TASK INSTRUCTIONS ▸ Only the lines from the one containing "line L3 (-21.3276, 1.5819)" through the one containing "constraint coincident A0.centre S0.end" should be printed, exactly as they appear below, with both ends included.

Collected data entries
+ + + + +

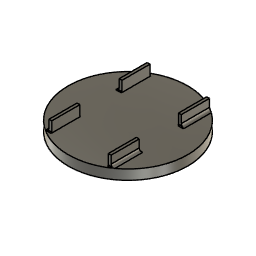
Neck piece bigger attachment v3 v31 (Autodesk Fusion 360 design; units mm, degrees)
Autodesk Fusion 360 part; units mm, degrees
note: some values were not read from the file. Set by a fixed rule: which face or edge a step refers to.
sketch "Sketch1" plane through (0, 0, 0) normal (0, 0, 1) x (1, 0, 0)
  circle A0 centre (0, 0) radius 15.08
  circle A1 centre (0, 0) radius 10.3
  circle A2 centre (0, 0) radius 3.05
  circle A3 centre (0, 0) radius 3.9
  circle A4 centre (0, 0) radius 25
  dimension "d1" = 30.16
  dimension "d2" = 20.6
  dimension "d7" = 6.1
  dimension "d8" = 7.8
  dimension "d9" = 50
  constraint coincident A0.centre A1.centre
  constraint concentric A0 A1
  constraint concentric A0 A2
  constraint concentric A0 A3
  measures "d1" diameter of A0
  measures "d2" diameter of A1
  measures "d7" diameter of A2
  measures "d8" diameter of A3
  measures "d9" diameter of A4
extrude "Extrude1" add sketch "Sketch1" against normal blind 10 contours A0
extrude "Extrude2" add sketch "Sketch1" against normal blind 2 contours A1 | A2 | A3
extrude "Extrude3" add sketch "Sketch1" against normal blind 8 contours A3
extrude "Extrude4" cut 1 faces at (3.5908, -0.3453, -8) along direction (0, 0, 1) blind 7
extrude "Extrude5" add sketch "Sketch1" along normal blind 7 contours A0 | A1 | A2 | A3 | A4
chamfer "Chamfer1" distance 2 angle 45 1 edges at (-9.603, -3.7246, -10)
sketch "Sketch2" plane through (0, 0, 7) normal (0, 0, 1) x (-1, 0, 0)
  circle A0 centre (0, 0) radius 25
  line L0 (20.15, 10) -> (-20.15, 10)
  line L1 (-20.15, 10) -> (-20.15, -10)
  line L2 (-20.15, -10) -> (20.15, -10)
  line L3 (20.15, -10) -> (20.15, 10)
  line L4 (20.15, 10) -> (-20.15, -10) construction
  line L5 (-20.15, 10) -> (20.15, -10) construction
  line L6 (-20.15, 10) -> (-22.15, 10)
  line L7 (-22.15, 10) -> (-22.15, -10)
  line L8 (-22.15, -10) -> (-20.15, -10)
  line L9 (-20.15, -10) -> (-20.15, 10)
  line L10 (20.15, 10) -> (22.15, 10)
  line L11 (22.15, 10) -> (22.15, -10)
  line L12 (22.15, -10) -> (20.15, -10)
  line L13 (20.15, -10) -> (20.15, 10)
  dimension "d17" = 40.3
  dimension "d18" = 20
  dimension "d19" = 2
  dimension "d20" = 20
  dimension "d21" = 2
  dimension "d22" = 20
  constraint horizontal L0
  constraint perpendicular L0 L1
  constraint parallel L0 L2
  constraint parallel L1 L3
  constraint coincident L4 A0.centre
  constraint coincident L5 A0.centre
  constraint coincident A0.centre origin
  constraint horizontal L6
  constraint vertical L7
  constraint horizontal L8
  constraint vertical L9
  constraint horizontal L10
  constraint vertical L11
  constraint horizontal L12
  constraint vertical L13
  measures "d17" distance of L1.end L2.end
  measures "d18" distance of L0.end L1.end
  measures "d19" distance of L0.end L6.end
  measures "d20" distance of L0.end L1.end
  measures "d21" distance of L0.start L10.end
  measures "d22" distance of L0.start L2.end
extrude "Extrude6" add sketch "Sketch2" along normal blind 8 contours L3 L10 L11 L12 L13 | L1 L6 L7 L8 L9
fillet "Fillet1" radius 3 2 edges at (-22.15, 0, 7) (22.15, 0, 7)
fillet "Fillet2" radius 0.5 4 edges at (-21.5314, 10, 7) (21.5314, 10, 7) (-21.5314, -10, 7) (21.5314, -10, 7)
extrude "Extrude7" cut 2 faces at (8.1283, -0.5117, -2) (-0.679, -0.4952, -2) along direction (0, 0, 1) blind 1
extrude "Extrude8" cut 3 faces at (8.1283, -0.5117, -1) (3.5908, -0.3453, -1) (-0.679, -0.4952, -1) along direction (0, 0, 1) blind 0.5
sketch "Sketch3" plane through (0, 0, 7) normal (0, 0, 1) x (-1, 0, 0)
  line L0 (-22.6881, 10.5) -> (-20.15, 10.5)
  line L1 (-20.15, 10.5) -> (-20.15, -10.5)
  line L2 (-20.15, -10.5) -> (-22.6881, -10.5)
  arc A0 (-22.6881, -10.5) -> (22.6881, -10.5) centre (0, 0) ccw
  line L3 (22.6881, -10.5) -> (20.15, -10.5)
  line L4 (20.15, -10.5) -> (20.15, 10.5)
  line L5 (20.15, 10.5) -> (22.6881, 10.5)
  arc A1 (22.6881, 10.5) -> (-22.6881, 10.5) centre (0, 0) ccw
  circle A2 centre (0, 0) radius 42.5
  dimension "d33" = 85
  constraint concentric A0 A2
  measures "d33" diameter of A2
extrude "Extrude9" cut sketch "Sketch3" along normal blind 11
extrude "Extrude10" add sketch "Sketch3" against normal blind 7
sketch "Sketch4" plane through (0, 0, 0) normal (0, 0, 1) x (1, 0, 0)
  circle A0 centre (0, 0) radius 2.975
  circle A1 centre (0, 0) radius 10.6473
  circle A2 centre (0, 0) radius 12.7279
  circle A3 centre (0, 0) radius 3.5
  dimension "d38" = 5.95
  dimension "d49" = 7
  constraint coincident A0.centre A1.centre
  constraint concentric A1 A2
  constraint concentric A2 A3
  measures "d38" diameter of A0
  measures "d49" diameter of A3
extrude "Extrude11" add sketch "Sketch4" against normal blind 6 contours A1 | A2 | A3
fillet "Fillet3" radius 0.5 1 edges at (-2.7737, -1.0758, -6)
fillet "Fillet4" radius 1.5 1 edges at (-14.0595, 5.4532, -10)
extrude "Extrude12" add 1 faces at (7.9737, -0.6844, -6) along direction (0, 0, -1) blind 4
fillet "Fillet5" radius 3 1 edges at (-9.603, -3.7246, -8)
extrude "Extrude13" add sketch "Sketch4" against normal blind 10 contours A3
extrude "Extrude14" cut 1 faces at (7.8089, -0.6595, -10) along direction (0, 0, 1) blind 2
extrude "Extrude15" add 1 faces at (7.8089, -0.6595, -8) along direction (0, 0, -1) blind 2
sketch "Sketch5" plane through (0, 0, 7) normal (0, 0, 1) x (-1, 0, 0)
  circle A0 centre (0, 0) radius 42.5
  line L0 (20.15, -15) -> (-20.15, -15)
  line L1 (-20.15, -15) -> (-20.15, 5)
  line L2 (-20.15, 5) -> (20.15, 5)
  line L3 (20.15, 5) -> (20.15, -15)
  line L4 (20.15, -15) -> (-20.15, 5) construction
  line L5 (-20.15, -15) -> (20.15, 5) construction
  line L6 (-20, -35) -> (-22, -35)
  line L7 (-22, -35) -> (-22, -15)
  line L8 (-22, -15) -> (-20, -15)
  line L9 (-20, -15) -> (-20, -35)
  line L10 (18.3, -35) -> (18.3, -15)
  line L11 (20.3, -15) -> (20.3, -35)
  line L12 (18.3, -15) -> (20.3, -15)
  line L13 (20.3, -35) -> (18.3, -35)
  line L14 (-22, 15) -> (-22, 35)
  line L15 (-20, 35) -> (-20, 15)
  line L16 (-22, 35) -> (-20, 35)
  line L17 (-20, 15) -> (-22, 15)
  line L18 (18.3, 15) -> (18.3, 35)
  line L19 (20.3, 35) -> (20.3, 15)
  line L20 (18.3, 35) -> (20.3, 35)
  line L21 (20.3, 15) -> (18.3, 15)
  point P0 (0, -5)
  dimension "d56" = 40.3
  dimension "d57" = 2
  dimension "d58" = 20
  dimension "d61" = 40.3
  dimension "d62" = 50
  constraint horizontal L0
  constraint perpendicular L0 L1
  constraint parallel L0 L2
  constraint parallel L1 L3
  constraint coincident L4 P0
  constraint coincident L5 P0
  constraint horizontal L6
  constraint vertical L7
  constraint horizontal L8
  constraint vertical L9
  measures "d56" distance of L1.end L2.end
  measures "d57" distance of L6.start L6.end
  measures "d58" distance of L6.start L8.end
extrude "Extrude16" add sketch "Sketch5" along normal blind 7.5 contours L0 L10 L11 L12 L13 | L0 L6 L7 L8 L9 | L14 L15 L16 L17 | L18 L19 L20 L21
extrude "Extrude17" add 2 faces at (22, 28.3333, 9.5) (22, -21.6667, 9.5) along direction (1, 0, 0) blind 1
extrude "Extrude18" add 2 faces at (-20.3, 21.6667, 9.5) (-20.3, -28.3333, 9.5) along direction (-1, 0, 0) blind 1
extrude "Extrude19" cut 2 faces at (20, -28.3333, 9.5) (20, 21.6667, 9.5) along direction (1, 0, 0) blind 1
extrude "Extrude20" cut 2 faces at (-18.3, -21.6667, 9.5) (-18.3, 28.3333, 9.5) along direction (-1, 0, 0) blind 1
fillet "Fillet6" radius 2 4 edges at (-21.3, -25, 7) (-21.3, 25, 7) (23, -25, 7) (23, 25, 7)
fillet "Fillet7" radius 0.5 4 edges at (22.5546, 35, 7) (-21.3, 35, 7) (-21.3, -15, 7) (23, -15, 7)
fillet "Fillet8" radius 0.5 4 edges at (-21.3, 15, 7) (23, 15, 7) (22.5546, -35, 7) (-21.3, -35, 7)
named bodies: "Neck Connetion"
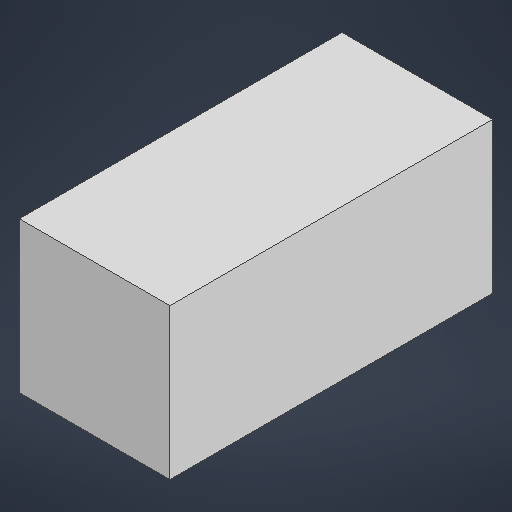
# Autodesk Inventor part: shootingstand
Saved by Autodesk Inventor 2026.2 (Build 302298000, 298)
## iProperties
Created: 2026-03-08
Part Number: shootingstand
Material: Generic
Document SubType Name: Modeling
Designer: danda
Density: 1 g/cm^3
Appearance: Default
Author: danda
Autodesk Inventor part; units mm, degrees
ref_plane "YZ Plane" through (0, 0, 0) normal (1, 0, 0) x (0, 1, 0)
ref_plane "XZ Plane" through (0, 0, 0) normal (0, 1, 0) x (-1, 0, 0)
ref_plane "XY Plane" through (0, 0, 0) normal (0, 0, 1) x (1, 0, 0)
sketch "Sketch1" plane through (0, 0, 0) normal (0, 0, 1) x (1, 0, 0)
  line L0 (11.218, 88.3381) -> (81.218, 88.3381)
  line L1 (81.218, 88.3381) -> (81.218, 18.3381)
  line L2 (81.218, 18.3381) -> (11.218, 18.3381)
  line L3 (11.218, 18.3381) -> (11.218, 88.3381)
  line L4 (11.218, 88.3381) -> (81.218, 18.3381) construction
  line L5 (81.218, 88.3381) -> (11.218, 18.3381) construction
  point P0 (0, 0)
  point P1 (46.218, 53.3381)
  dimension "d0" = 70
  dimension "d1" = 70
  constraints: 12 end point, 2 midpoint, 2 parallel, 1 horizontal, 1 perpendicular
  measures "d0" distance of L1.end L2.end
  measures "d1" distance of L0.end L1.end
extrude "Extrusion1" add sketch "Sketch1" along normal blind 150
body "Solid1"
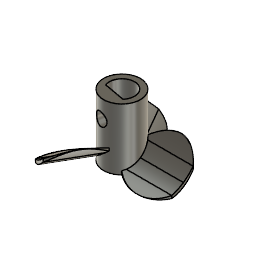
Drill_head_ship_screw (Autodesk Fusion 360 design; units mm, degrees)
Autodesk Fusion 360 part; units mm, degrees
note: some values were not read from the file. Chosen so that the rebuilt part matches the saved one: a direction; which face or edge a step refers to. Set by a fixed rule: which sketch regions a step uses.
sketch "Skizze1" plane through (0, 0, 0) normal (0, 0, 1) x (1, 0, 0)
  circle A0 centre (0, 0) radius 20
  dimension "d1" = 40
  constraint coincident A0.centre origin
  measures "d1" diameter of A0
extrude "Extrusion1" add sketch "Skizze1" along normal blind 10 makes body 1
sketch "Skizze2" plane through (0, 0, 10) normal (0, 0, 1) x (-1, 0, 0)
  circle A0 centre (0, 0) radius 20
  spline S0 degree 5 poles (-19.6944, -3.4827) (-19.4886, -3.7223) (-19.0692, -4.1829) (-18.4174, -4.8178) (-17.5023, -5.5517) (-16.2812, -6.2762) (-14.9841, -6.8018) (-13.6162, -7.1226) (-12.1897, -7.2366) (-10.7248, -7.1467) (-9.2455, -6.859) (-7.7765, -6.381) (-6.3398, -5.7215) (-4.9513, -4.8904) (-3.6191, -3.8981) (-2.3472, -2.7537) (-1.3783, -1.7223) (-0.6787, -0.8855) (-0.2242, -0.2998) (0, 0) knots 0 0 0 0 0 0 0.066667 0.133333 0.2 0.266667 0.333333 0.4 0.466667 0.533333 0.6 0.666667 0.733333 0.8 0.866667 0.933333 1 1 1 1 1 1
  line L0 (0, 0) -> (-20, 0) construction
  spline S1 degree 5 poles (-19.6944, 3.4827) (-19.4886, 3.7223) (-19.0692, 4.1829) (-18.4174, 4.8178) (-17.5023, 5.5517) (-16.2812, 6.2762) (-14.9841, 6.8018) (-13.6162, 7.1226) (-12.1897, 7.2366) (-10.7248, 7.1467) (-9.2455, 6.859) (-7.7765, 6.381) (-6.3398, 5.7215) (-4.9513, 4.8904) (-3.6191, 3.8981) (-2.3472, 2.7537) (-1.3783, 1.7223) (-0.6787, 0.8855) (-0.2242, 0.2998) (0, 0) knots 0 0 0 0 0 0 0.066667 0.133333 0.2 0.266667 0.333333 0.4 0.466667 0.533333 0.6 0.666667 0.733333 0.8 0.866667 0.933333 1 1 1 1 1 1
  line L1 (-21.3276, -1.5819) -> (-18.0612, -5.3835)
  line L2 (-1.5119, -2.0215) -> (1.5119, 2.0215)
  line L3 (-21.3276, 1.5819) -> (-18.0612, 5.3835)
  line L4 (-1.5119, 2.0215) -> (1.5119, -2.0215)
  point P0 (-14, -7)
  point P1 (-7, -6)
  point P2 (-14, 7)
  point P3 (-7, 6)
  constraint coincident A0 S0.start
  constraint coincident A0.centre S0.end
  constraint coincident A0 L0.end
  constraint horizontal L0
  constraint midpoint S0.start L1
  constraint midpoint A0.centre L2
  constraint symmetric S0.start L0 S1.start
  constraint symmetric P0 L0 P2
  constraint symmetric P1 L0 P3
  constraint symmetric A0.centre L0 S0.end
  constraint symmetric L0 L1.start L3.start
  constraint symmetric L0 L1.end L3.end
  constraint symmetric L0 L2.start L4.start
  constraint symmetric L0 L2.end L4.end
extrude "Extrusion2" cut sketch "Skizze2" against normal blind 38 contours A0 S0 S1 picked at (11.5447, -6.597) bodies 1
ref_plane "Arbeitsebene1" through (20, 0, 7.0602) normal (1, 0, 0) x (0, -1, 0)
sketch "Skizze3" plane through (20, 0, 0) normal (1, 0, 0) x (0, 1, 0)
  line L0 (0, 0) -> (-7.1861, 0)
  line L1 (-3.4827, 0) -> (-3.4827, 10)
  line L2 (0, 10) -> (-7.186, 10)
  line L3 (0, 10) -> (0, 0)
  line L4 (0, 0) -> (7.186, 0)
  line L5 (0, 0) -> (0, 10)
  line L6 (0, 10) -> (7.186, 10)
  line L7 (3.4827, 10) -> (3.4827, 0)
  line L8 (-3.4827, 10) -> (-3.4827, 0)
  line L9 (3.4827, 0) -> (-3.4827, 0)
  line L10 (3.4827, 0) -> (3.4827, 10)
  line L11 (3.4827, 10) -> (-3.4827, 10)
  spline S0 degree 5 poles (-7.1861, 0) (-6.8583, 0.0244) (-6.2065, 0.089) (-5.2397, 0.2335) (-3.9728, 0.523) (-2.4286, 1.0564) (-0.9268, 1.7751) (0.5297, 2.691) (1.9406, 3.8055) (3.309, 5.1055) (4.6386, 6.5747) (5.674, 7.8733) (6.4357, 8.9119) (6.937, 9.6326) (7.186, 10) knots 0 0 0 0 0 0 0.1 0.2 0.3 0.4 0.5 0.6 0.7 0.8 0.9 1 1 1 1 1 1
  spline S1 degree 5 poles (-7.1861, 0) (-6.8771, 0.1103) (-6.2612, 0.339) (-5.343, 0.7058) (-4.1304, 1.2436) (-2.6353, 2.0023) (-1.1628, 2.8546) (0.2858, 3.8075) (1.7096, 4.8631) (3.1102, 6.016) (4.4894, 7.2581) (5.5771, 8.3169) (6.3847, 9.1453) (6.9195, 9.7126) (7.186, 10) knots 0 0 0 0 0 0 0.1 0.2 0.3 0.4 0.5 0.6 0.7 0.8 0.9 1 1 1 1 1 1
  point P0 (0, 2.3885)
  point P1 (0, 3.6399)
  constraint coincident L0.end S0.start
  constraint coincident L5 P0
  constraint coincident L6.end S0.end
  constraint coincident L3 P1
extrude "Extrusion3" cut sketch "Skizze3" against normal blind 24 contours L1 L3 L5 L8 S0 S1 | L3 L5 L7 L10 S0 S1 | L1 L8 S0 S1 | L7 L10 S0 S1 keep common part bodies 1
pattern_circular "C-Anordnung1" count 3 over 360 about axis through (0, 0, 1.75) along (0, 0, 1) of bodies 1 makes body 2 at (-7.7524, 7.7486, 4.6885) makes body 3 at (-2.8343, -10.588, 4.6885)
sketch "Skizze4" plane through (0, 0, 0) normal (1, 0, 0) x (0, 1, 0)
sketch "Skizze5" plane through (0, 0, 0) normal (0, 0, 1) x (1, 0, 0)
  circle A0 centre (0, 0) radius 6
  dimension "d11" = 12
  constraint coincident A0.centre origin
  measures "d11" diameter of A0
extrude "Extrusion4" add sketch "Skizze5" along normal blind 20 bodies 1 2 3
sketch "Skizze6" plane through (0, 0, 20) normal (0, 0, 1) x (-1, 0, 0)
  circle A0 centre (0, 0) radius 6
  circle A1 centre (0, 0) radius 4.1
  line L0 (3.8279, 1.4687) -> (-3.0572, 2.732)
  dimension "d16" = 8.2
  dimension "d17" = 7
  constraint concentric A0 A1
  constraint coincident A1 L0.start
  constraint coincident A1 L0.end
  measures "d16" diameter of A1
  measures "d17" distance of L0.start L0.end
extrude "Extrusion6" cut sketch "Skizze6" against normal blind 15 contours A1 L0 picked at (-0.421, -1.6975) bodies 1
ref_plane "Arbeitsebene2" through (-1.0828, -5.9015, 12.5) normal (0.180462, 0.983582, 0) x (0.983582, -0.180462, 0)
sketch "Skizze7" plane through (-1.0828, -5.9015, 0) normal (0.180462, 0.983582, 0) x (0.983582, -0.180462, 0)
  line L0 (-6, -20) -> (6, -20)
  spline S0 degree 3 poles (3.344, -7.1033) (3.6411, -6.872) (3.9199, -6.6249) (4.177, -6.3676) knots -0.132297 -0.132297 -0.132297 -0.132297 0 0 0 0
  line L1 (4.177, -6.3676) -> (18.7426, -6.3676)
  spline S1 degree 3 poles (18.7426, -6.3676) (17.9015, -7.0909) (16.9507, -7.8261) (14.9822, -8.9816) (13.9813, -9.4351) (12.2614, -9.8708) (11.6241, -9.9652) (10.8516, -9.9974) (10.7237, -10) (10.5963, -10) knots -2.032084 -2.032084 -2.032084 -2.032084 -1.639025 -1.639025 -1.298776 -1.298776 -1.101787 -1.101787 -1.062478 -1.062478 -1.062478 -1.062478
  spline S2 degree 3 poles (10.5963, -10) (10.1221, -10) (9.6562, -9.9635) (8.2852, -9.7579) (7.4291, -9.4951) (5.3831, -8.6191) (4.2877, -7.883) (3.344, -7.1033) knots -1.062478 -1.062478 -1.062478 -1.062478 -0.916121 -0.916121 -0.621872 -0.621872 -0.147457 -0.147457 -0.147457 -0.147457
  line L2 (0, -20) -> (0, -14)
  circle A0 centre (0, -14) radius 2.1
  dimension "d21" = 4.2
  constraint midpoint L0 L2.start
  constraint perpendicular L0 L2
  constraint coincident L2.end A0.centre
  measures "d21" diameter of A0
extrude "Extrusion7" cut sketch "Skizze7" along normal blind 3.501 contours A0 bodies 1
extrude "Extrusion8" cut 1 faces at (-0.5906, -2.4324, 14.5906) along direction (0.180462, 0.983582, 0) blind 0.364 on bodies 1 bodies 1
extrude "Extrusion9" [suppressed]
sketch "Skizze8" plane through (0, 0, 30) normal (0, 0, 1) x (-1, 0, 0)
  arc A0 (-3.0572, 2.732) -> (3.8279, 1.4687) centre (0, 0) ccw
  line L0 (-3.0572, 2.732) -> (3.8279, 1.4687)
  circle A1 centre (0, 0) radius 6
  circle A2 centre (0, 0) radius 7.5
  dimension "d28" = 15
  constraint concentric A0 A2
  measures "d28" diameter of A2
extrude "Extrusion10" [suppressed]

+ + + + +

ANSWER AREA ▸
  line L3 (-21.3276, 1.5819) -> (-18.0612, 5.3835)
  line L4 (-1.5119, 2.0215) -> (1.5119, -2.0215)
  point P0 (-14, -7)
  point P1 (-7, -6)
  point P2 (-14, 7)
  point P3 (-7, 6)
  constraint coincident A0 S0.start
  constraint coincident A0.centre S0.end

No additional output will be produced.